*Exercise requirements*
All of the data, word for word and free of pictures, is the expected result.

*Information provided*

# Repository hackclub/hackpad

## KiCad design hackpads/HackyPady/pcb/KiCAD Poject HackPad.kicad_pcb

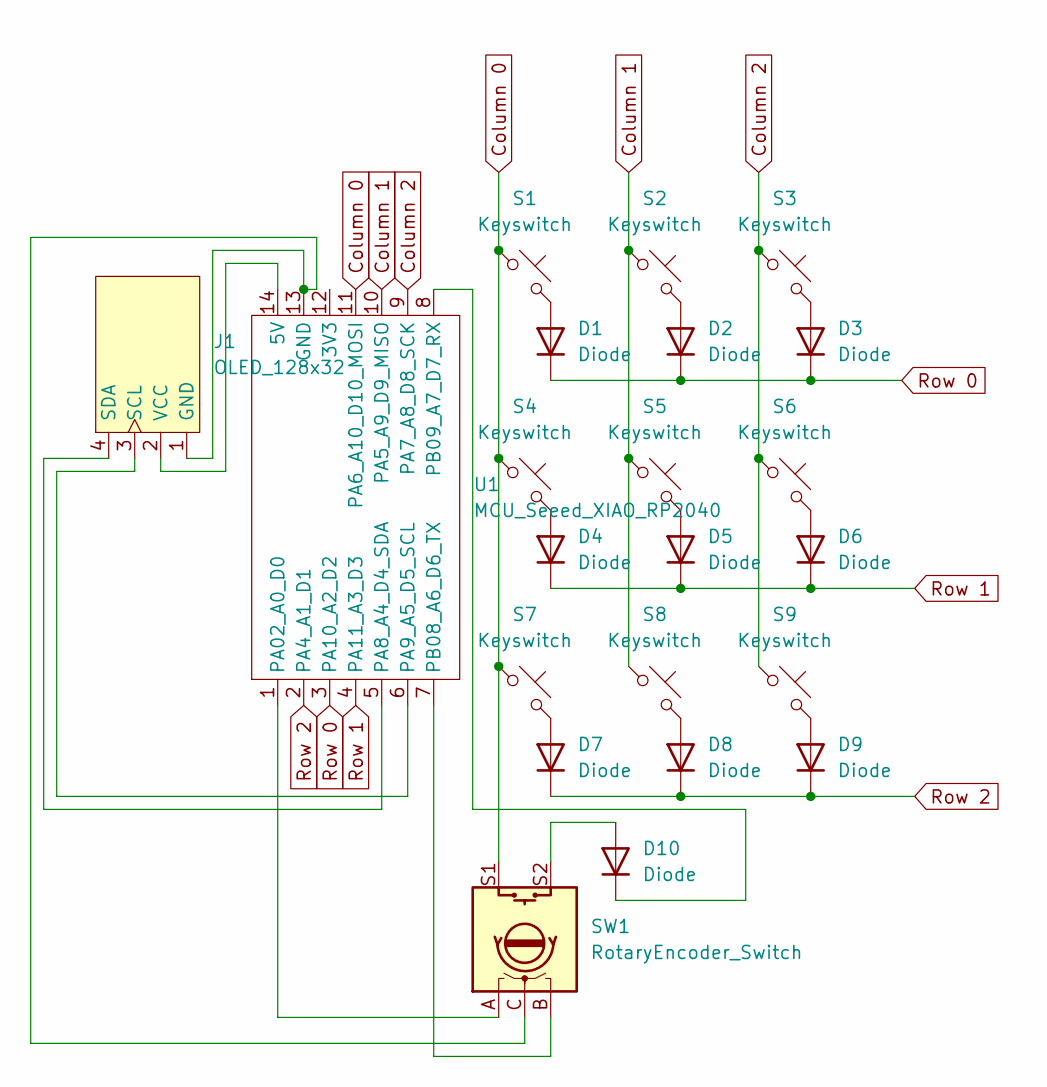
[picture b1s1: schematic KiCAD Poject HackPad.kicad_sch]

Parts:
D1, D2, D3, D4, D5, D6, D7, D8, D9, D10: Diode; Diode_DO-35
J1: OLED_128x32
S1, S2, S3, S4, S5, S6, S7, S8, S9: Keyswitch; SW_Cherry_MX_1.00u_PCB
SW1: RotaryEncoder_Switch; RotaryEncoder_Alps_EC11E-Switch_Vertical_H20mm
U1: MCU_Seeed_XIAO_RP2040; Seeed_XIAO_RP2040

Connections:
Column 0: S1.1, S4.1, S7.1, SW1.S1, U1.11 (PA6_A10_D10_MOSI)
Column 1: S2.1, S5.1, S8.1, U1.10 (PA5_A9_D9_MISO)
Column 2: S3.1, S6.1, S9.1, U1.9 (PA7_A8_D8_SCK)
unnamed: D1.2 (A), S1.2
unnamed: D2.2 (A), S2.2
unnamed: D3.2 (A), S3.2
unnamed: D4.2 (A), S4.2
unnamed: D5.2 (A), S5.2
unnamed: D6.2 (A), S6.2
unnamed: D7.2 (A), S7.2
unnamed: D8.2 (A), S8.2
unnamed: D9.2 (A), S9.2
unnamed: D10.2 (A), SW1.S2
unnamed: D10.1 (K), U1.8 (PB09_A7_D7_RX)
unnamed: J1.1 (GND), SW1.C, U1.13 (GND)
unnamed: J1.3 (SCL), U1.6 (PA9_A5_D5_SCL)
unnamed: J1.4 (SDA), U1.5 (PA8_A4_D4_SDA)
unnamed: J1.2 (VCC), U1.14 (5V)
unnamed: SW1.A, U1.1 (PA02_A0_D0)
unnamed: SW1.B, U1.7 (PB08_A6_D6_TX)
Row 0: D1.1 (K), D2.1 (K), D3.1 (K), U1.3 (PA10_A2_D2)
Row 1: D4.1 (K), D5.1 (K), D6.1 (K), U1.4 (PA11_A3_D3)
Row 2: D7.1 (K), D8.1 (K), D9.1 (K), U1.2 (PA4_A1_D1)

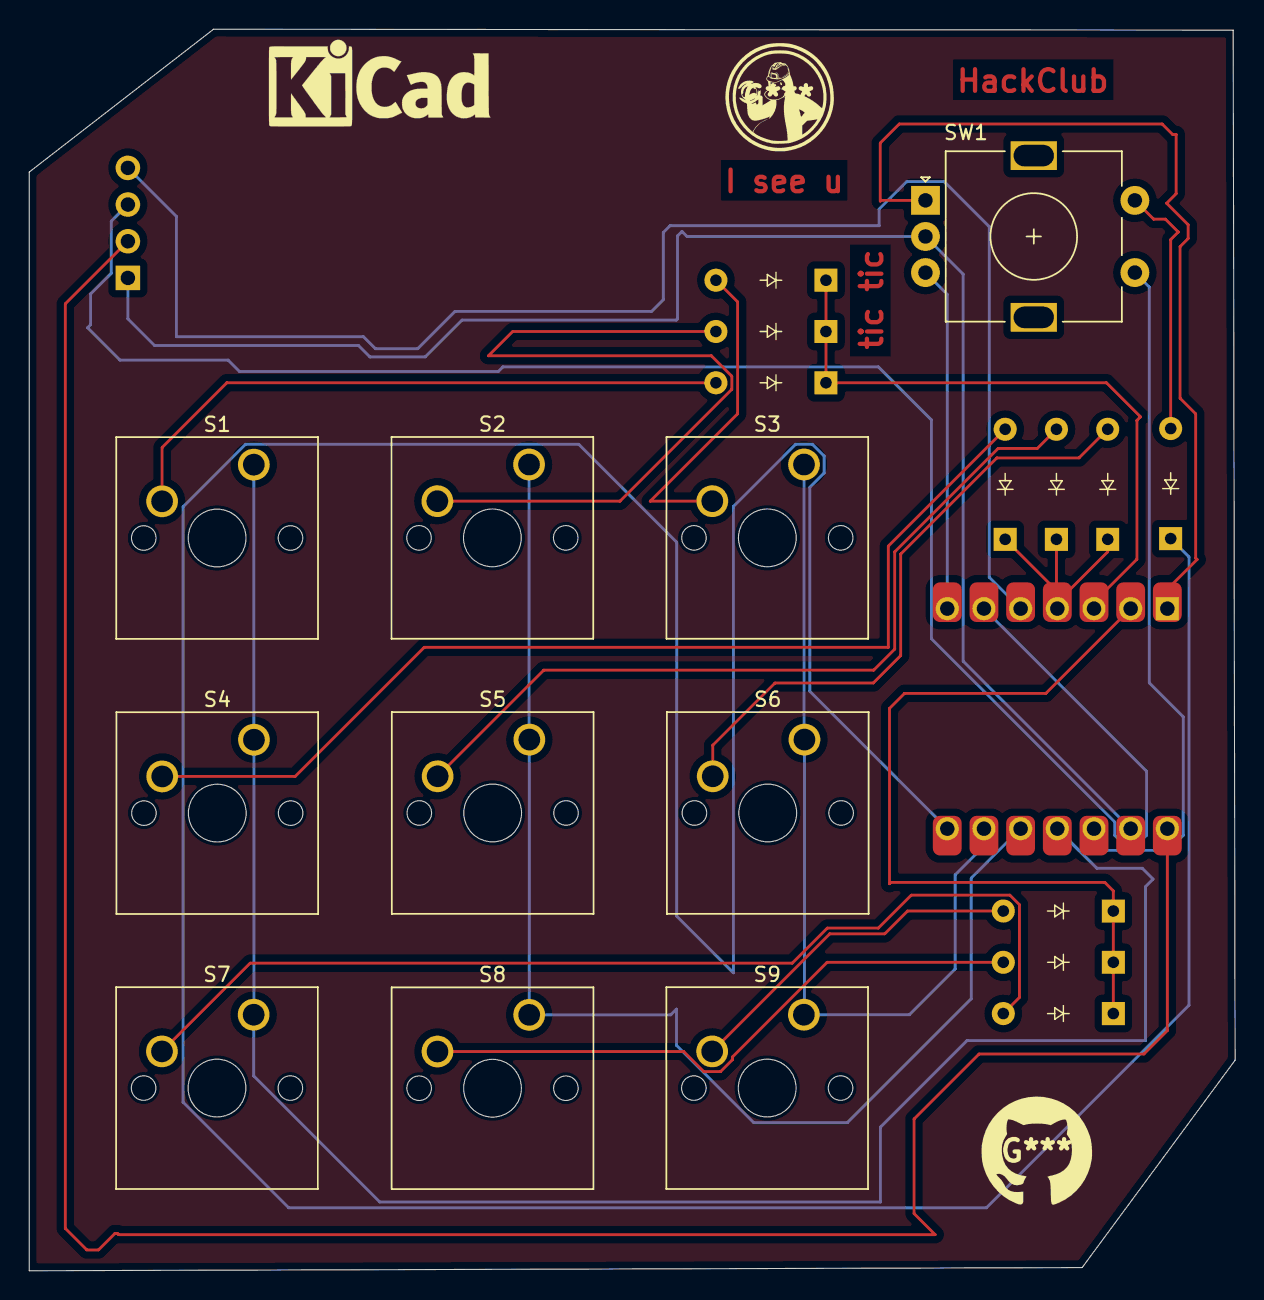
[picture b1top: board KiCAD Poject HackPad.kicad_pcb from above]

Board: 2 copper layers, 83.5 x 86.0 mm, 22 parts (0 on the bottom side), 23 nets.

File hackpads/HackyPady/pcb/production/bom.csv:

Designator,Footprint,Quantity,Value,LCSC Part #
"D1, D10, D2, D3, D4, D5, D6, D7, D8, D9",Diode_DO-35,10,Diode,
J1,OLED_128x32,1,OLED_128x32,
"S1, S2, S3, S4, S5, S6, S7, S8, S9",SW_Cherry_MX_1.00u_PCB,9,Keyswitch,
SW1,RotaryEncoder_Alps_EC11E-Switch_Vertical_H20mm,1,RotaryEncoder_Switch,
U1,Seeed_XIAO_RP2040,1,MCU_Seeed_XIAO_RP2040,

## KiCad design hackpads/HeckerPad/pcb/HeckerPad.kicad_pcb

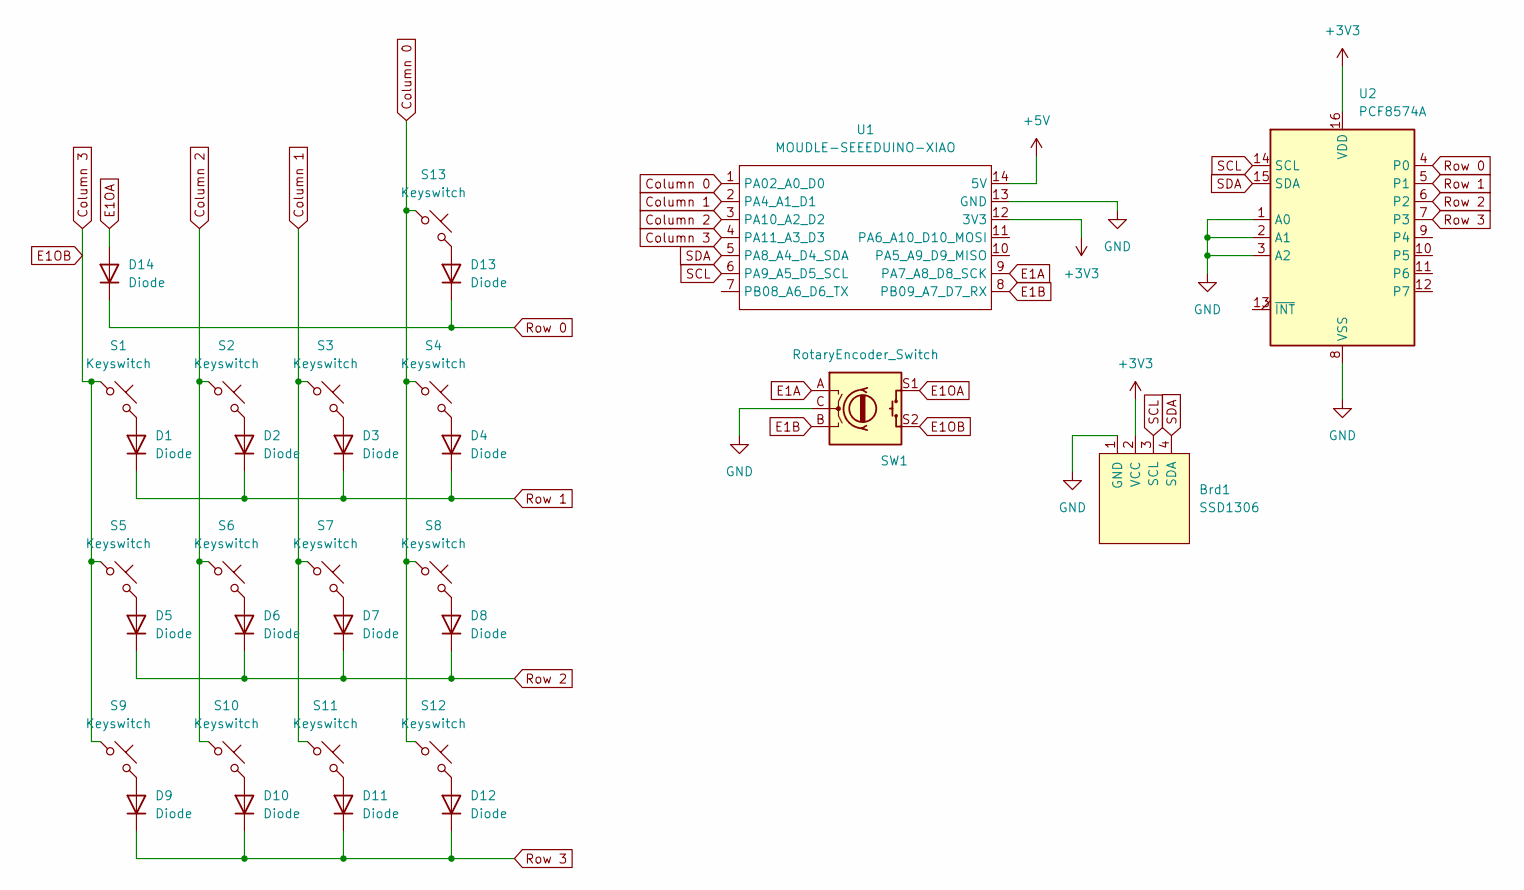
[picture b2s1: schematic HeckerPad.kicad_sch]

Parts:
Brd1: SSD1306; OLED_128x32
D1, D2, D3, D4, D5, D6, D7, D8, D9, D10, D11, D12, D13, D14: Diode; Diode_DO-35
S1, S2, S3, S4, S5, S6, S7, S8, S9, S10, S11, S12, S13: Keyswitch; SW_Cherry_MX_1.00u_PCB
SW1: RotaryEncoder_Switch; RotaryEncoder_Alps_EC11E-Switch_Vertical_H20mm
U1: MOUDLE-SEEEDUINO-XIAO; XIAO-Generic-Hybrid-14P-2.54-21X17.8MM
U2: PCF8574A; N16

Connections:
+3V3: Brd1.2 (VCC), U1.12 (3V3), U2.16 (VDD)
+5V: U1.14 (5V)
Column 0: S4.1, S8.1, S12.1, S13.1, U1.1 (PA02_A0_D0)
Column 1: S3.1, S7.1, S11.1, U1.2 (PA4_A1_D1)
Column 2: S2.1, S6.1, S10.1, U1.3 (PA10_A2_D2)
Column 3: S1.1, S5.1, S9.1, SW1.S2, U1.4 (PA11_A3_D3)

*Written reply*
# Repository hackclub/hackpad

## KiCad design hackpads/HackyPady/pcb/KiCAD Poject HackPad.kicad_pcb

[picture b1s1: schematic KiCAD Poject HackPad.kicad_sch]

Parts:
D1, D2, D3, D4, D5, D6, D7, D8, D9, D10: Diode; Diode_DO-35
J1: OLED_128x32
S1, S2, S3, S4, S5, S6, S7, S8, S9: Keyswitch; SW_Cherry_MX_1.00u_PCB
SW1: RotaryEncoder_Switch; RotaryEncoder_Alps_EC11E-Switch_Vertical_H20mm
U1: MCU_Seeed_XIAO_RP2040; Seeed_XIAO_RP2040

Connections:
Column 0: S1.1, S4.1, S7.1, SW1.S1, U1.11 (PA6_A10_D10_MOSI)
Column 1: S2.1, S5.1, S8.1, U1.10 (PA5_A9_D9_MISO)
Column 2: S3.1, S6.1, S9.1, U1.9 (PA7_A8_D8_SCK)
unnamed: D1.2 (A), S1.2
unnamed: D2.2 (A), S2.2
unnamed: D3.2 (A), S3.2
unnamed: D4.2 (A), S4.2
unnamed: D5.2 (A), S5.2
unnamed: D6.2 (A), S6.2
unnamed: D7.2 (A), S7.2
unnamed: D8.2 (A), S8.2
unnamed: D9.2 (A), S9.2
unnamed: D10.2 (A), SW1.S2
unnamed: D10.1 (K), U1.8 (PB09_A7_D7_RX)
unnamed: J1.1 (GND), SW1.C, U1.13 (GND)
unnamed: J1.3 (SCL), U1.6 (PA9_A5_D5_SCL)
unnamed: J1.4 (SDA), U1.5 (PA8_A4_D4_SDA)
unnamed: J1.2 (VCC), U1.14 (5V)
unnamed: SW1.A, U1.1 (PA02_A0_D0)
unnamed: SW1.B, U1.7 (PB08_A6_D6_TX)
Row 0: D1.1 (K), D2.1 (K), D3.1 (K), U1.3 (PA10_A2_D2)
Row 1: D4.1 (K), D5.1 (K), D6.1 (K), U1.4 (PA11_A3_D3)
Row 2: D7.1 (K), D8.1 (K), D9.1 (K), U1.2 (PA4_A1_D1)

[picture b1top: board KiCAD Poject HackPad.kicad_pcb from above]

Board: 2 copper layers, 83.5 x 86.0 mm, 22 parts (0 on the bottom side), 23 nets.

File hackpads/HackyPady/pcb/production/bom.csv:

Designator,Footprint,Quantity,Value,LCSC Part #
"D1, D10, D2, D3, D4, D5, D6, D7, D8, D9",Diode_DO-35,10,Diode,
J1,OLED_128x32,1,OLED_128x32,
"S1, S2, S3, S4, S5, S6, S7, S8, S9",SW_Cherry_MX_1.00u_PCB,9,Keyswitch,
SW1,RotaryEncoder_Alps_EC11E-Switch_Vertical_H20mm,1,RotaryEncoder_Switch,
U1,Seeed_XIAO_RP2040,1,MCU_Seeed_XIAO_RP2040,

## KiCad design hackpads/HeckerPad/pcb/HeckerPad.kicad_pcb

[picture b2s1: schematic HeckerPad.kicad_sch]

Parts:
Brd1: SSD1306; OLED_128x32
D1, D2, D3, D4, D5, D6, D7, D8, D9, D10, D11, D12, D13, D14: Diode; Diode_DO-35
S1, S2, S3, S4, S5, S6, S7, S8, S9, S10, S11, S12, S13: Keyswitch; SW_Cherry_MX_1.00u_PCB
SW1: RotaryEncoder_Switch; RotaryEncoder_Alps_EC11E-Switch_Vertical_H20mm
U1: MOUDLE-SEEEDUINO-XIAO; XIAO-Generic-Hybrid-14P-2.54-21X17.8MM
U2: PCF8574A; N16

Connections:
+3V3: Brd1.2 (VCC), U1.12 (3V3), U2.16 (VDD)
+5V: U1.14 (5V)
Column 0: S4.1, S8.1, S12.1, S13.1, U1.1 (PA02_A0_D0)
Column 1: S3.1, S7.1, S11.1, U1.2 (PA4_A1_D1)
Column 2: S2.1, S6.1, S10.1, U1.3 (PA10_A2_D2)
Column 3: S1.1, S5.1, S9.1, SW1.S2, U1.4 (PA11_A3_D3)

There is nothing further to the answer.